**WORK TO COMPLETE:**
How do the lines below between the ones holding "for centre, start, end" and "blk = doc.blocks.new('T300')", inclusive, read? Give them again exactly, with no other lines.

**DATA PROVIDED:**
┌──

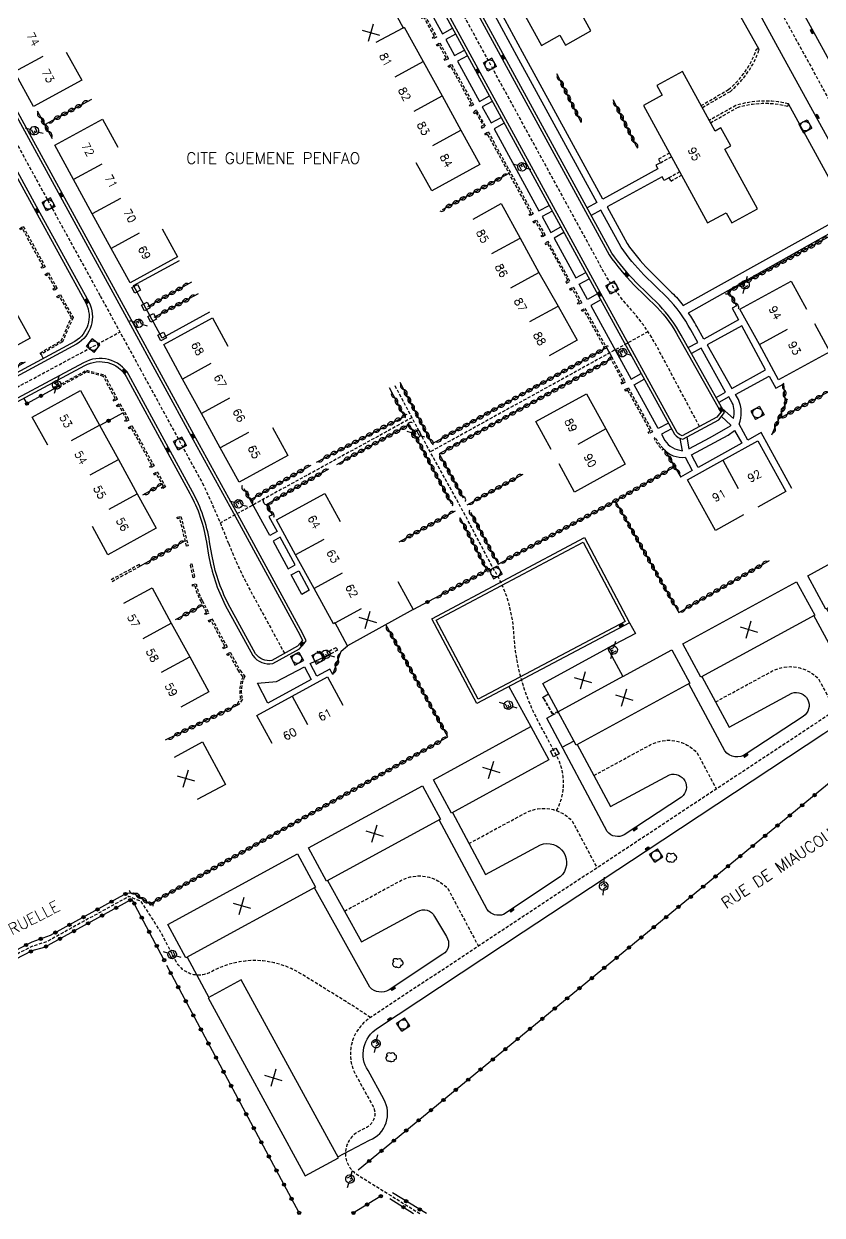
# Model space of a CAD drawing. Header units: millimetres. Extents: x 151000 to 152000, y 127000 to 128000.
# Drawn here: x 151311.3 to 151436, y 126999.8 to 127185.8 of the extents above; entities that cross this region are included whole.
import ezdxf
from ezdxf.enums import TextEntityAlignment as Align

# ---------------------------------------------------------------- set-up
doc = ezdxf.new("R2010")
doc.units = ezdxf.units.MM
doc.linetypes.add('DASHED', pattern=[0.75, 0.5, -0.25])
doc.layers.get('0').update_dxf_attribs({"linetype": 'CONTINUOUS'})
for name, color, linetype in [('W0001', 6, 'DASHED'), ('W0008', 7, 'CONTINUOUS'), ('W0100', 7, 'CONTINUOUS'), ('W0112', 1, 'DASHED'), ('W0300', 7, 'CONTINUOUS'), ('W0310', 3, 'CONTINUOUS'), ('W0322', 7, 'CONTINUOUS'), ('W0334', 7, 'CONTINUOUS'), ('W0400', 7, 'CONTINUOUS'), ('W0420', 7, 'CONTINUOUS'), ('W0471', 7, 'CONTINUOUS'), ('W0989', 7, 'CONTINUOUS'), ('W0991', 7, 'CONTINUOUS'), ('W1102', 7, 'CONTINUOUS')]:
    doc.layers.add(name, color=color, linetype=linetype)
doc.styles.get("Standard").update_dxf_attribs({"font": 'romans.shx', "width": 0.85})

# ---------------------------------------------------------------- blocks, each defined once
blk = doc.blocks.new('t322o')
at = {"color": 0, "linetype": 'Continuous'}
for radius in [0.25, 0.15]:
    blk.add_circle((0, 0), radius, dxfattribs=at)
blk = doc.blocks.new('t310o')
at = {"color": 0, "linetype": 'Continuous'}
for centre, start, end in [((-0.5, 0.38), 216.8699, 323.1304), ((0.5, -0.37), 36.8699, 143.1303)]:
    blk.add_arc(centre, 0.625, start, end, dxfattribs=at)
blk = doc.blocks.new('t991o')
at = {"color": 0, "linetype": 'Continuous'}
for p, q in [((-1, 1), (1, -1)), ((-1, -1), (1, 1))]:
    blk.add_line(p, q, dxfattribs=at)
blk = doc.blocks.new('T400')
for p, q in [((-0.15, 0.3), (0.15, 0.3)), ((-0.15, -0.25), (-0.15, 0.3)), ((-0.15, 0.15), (0.15, 0.15)), ((-0.15, 0), (0.15, 0)), ((0.15, 0.3), (0.15, -0.25)), ((-0.15, -0.15), (0.15, -0.15)), ((-0.15, -0.25), (-0.15, -0.3)), ((-0.15, -0.3), (0.15, -0.3)), ((0.15, -0.3), (0.15, -0.25))]:
    blk.add_line(p, q)
blk = doc.blocks.new('T420')
for p, q in [((0.75, 0.75), (-0.75, 0.75)), ((-0.75, 0.75), (-0.75, -0.75)), ((0.75, 0.75), (0.75, -0.75)), ((0.75, -0.75), (-0.75, -0.75))]:
    blk.add_line(p, q)
blk.add_ellipse((0, 0), major_axis=(-0.53, 0.53), ratio=1, start_param=3.926991, end_param=10.210176)
blk = doc.blocks.new('T300')
for p, q in [((-0.8, 0.51), (-0.86, 0.34)), ((-0.86, 0.34), (-0.86, 0.17)), ((-0.86, 0.17), (-0.74, 0.06)), ((-0.69, 0.63), (-0.8, 0.51)), ((-0.8, -0.06), (-0.74, 0.06)), ((-0.74, 0.06), (-0.69, 0.11)), ((-0.57, 0.69), (-0.69, 0.63)), ((-0.46, 0.69), (-0.57, 0.69)), ((-0.29, 0.63), (-0.46, 0.69)), ((-0.29, 0.63), (-0.17, 0.74)), ((-0.23, 0.57), (-0.29, 0.63)), ((-0.17, 0.74), (-0.06, 0.8)), ((-0.06, 0.8), (0.06, 0.8)), ((0.06, 0.8), (0.23, 0.74)), ((0.23, 0.74), (0.34, 0.63)), ((0.34, 0.63), (0.4, 0.51)), ((0.46, 0.46), (0.34, 0.46)), ((0.4, 0.51), (0.4, 0.46)), ((0.57, 0.4), (0.46, 0.46)), ((0.57, 0.4), (0.69, 0.29)), ((0.69, 0.29), (0.74, 0.17)), ((0.74, 0.06), (0.69, -0.17)), ((0.74, 0.17), (0.74, 0.06)), ((-0.8, -0.17), (-0.8, -0.06)), ((-0.8, -0.23), (-0.8, -0.17)), ((-0.74, -0.34), (-0.8, -0.23)), ((-0.69, -0.4), (-0.74, -0.34)), ((-0.51, -0.46), (-0.69, -0.4)), ((-0.4, -0.46), (-0.51, -0.46)), ((-0.4, -0.46), (-0.34, -0.46)), ((-0.34, -0.46), (-0.34, -0.4)), ((-0.34, -0.51), (-0.34, -0.46)), ((-0.29, -0.63), (-0.34, -0.51)), ((-0.17, -0.74), (-0.29, -0.63)), ((-0.06, -0.8), (-0.17, -0.74)), ((0.06, -0.8), (-0.06, -0.8)), ((0.17, -0.74), (0.06, -0.8)), ((0.23, -0.69), (0.17, -0.74)), ((0.29, -0.46), (0.23, -0.46)), ((0.29, -0.63), (0.23, -0.69)), ((0.46, -0.4), (0.29, -0.46)), ((0.34, -0.51), (0.29, -0.63)), ((0.34, -0.51), (0.34, -0.46)), ((0.57, -0.34), (0.46, -0.4)), ((0.63, -0.29), (0.57, -0.34)), ((0.69, -0.17), (0.63, -0.29))]:
    blk.add_line(p, q)
blk = doc.blocks.new('T471')
for p, q in [((-0.333334, 0.333334), (-0.333334, -0.333334)), ((-0.333334, 0.333334), (0.333334, 0.333334)), ((-0.333334, 0), (0, 0)), ((0.500001, 0.500001), (1.000002, 1.000002)), ((-0.500001, -0.500001), (-1.000002, -1.000002)), ((-0.333334, -0.333334), (0.333334, -0.333334))]:
    blk.add_line(p, q)
blk.add_ellipse((0, 0), major_axis=(0.471405, 0.471405), ratio=1, start_param=5.4977871438, end_param=11.780972451)
blk = doc.blocks.new('t112o')
at = {"color": 0, "linetype": 'Continuous'}
for p, q in [((-0.5, 0.5), (0.5, 0.5)), ((-0.5, -0.5), (-0.5, 0.5)), ((0.5, 0.5), (0.5, -0.5)), ((0.5, -0.5), (-0.5, -0.5))]:
    blk.add_line(p, q, dxfattribs=at)

msp = doc.modelspace()

# ---------------------------------------------------------------- linework, layer by layer
at = {"layer": 'W0001', "flags": 128}
for points in [[(151146.85, 127707.28), (151156.5, 127689.58), (151174.43, 127656.51), (151193.89, 127620.65), (151202.22, 127605.41), (151214.95, 127581.99), (151235.44, 127544.13), (151254.98, 127508.15), (151273.88, 127473.16), (151279.44, 127461.77), (151291.15, 127440.4), (151300.62, 127423.1), (151316.66, 127393.82), (151328.77, 127371.66), (151340.49, 127350.33), (151354.56, 127324.55), (151355.07, 127323.65), (151362.45, 127310.13), (151379.03, 127279.95), (151395.09, 127250.56), (151404.3, 127233.76), (151420.53, 127204.03), (151432.69, 127181.89), (151448.22, 127153.48), (151471.44, 127111.33, -0.312028), (151470.5, 127102.12), (151454.72, 127090.03, -0.012305), (151451.55, 127087.7), (151445.72, 127083.73), (151435.12, 127076.64), (151407.27, 127058.24), (151388.21, 127045.67), (151365.47, 127030.62, 0.413856), (151363.36, 127021.31), (151365.8, 127016.86, -0.470795), (151364.51, 127013.3), (151363.54, 127012.79, 0.568033), (151363.4, 127006.09), (151373.18, 127000)], [(151416.84, 127122.9), (151410.3, 127135.17, 0.060224), (151406, 127141.32, -0.067312), (151400.96, 127148.76), (151384.36, 127179.15), (151369.37, 127206.66, -0.108643), (151366.35, 127217.06, -1.992149)], [(151394.52, 127062.93, 0.251519), (151394.53, 127071.5), (151391.74, 127076.7, -0.109596), (151387.85, 127090.6, 0.128513), (151384.53, 127100.93), (151380.08, 127109.37), (151374.33, 127119.8), (151369.26, 127129.36)], [(151419.33, 127079.91), (151428.12, 127084.68, -0.349402), (151435.48, 127083.38), (151438.02, 127078.59)], [(151400.34, 127068.41), (151409.13, 127073.19, -0.349402), (151416.49, 127071.89), (151419.46, 127066.3)], [(151380.82, 127057.78), (151389.62, 127062.55, -0.349402), (151396.98, 127061.25), (151400.83, 127054)], [(151361.41, 127047.23), (151370.21, 127052.01, -0.349402), (151377.57, 127050.7), (151382.31, 127041.77)], [(151365.47, 127030.62, 0.011353), (151361.19, 127033.39), (151354.75, 127037.36, 0.276592), (151340.58, 127037.74, -0.422595), (151335.15, 127039.34), (151332.47, 127044.42), (151329.64, 127048.75), (151327.74, 127049.52), (151314.99, 127042.49), (151312.59, 127041.71), (151287.6, 127028.85), (151264.13, 127015.96)]]:
    msp.add_lwpolyline(points, format="xyb", dxfattribs=at)
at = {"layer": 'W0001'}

└──

**TASK RESULT:**
for centre, start, end in [((-0.5, 0.38), 216.8699, 323.1304), ((0.5, -0.37), 36.8699, 143.1303)]:
    blk.add_arc(centre, 0.625, start, end, dxfattribs=at)
blk = doc.blocks.new('t991o')
at = {"color": 0, "linetype": 'Continuous'}
for p, q in [((-1, 1), (1, -1)), ((-1, -1), (1, 1))]:
    blk.add_line(p, q, dxfattribs=at)
blk = doc.blocks.new('T400')
for p, q in [((-0.15, 0.3), (0.15, 0.3)), ((-0.15, -0.25), (-0.15, 0.3)), ((-0.15, 0.15), (0.15, 0.15)), ((-0.15, 0), (0.15, 0)), ((0.15, 0.3), (0.15, -0.25)), ((-0.15, -0.15), (0.15, -0.15)), ((-0.15, -0.25), (-0.15, -0.3)), ((-0.15, -0.3), (0.15, -0.3)), ((0.15, -0.3), (0.15, -0.25))]:
    blk.add_line(p, q)
blk = doc.blocks.new('T420')
for p, q in [((0.75, 0.75), (-0.75, 0.75)), ((-0.75, 0.75), (-0.75, -0.75)), ((0.75, 0.75), (0.75, -0.75)), ((0.75, -0.75), (-0.75, -0.75))]:
    blk.add_line(p, q)
blk.add_ellipse((0, 0), major_axis=(-0.53, 0.53), ratio=1, start_param=3.926991, end_param=10.210176)
blk = doc.blocks.new('T300')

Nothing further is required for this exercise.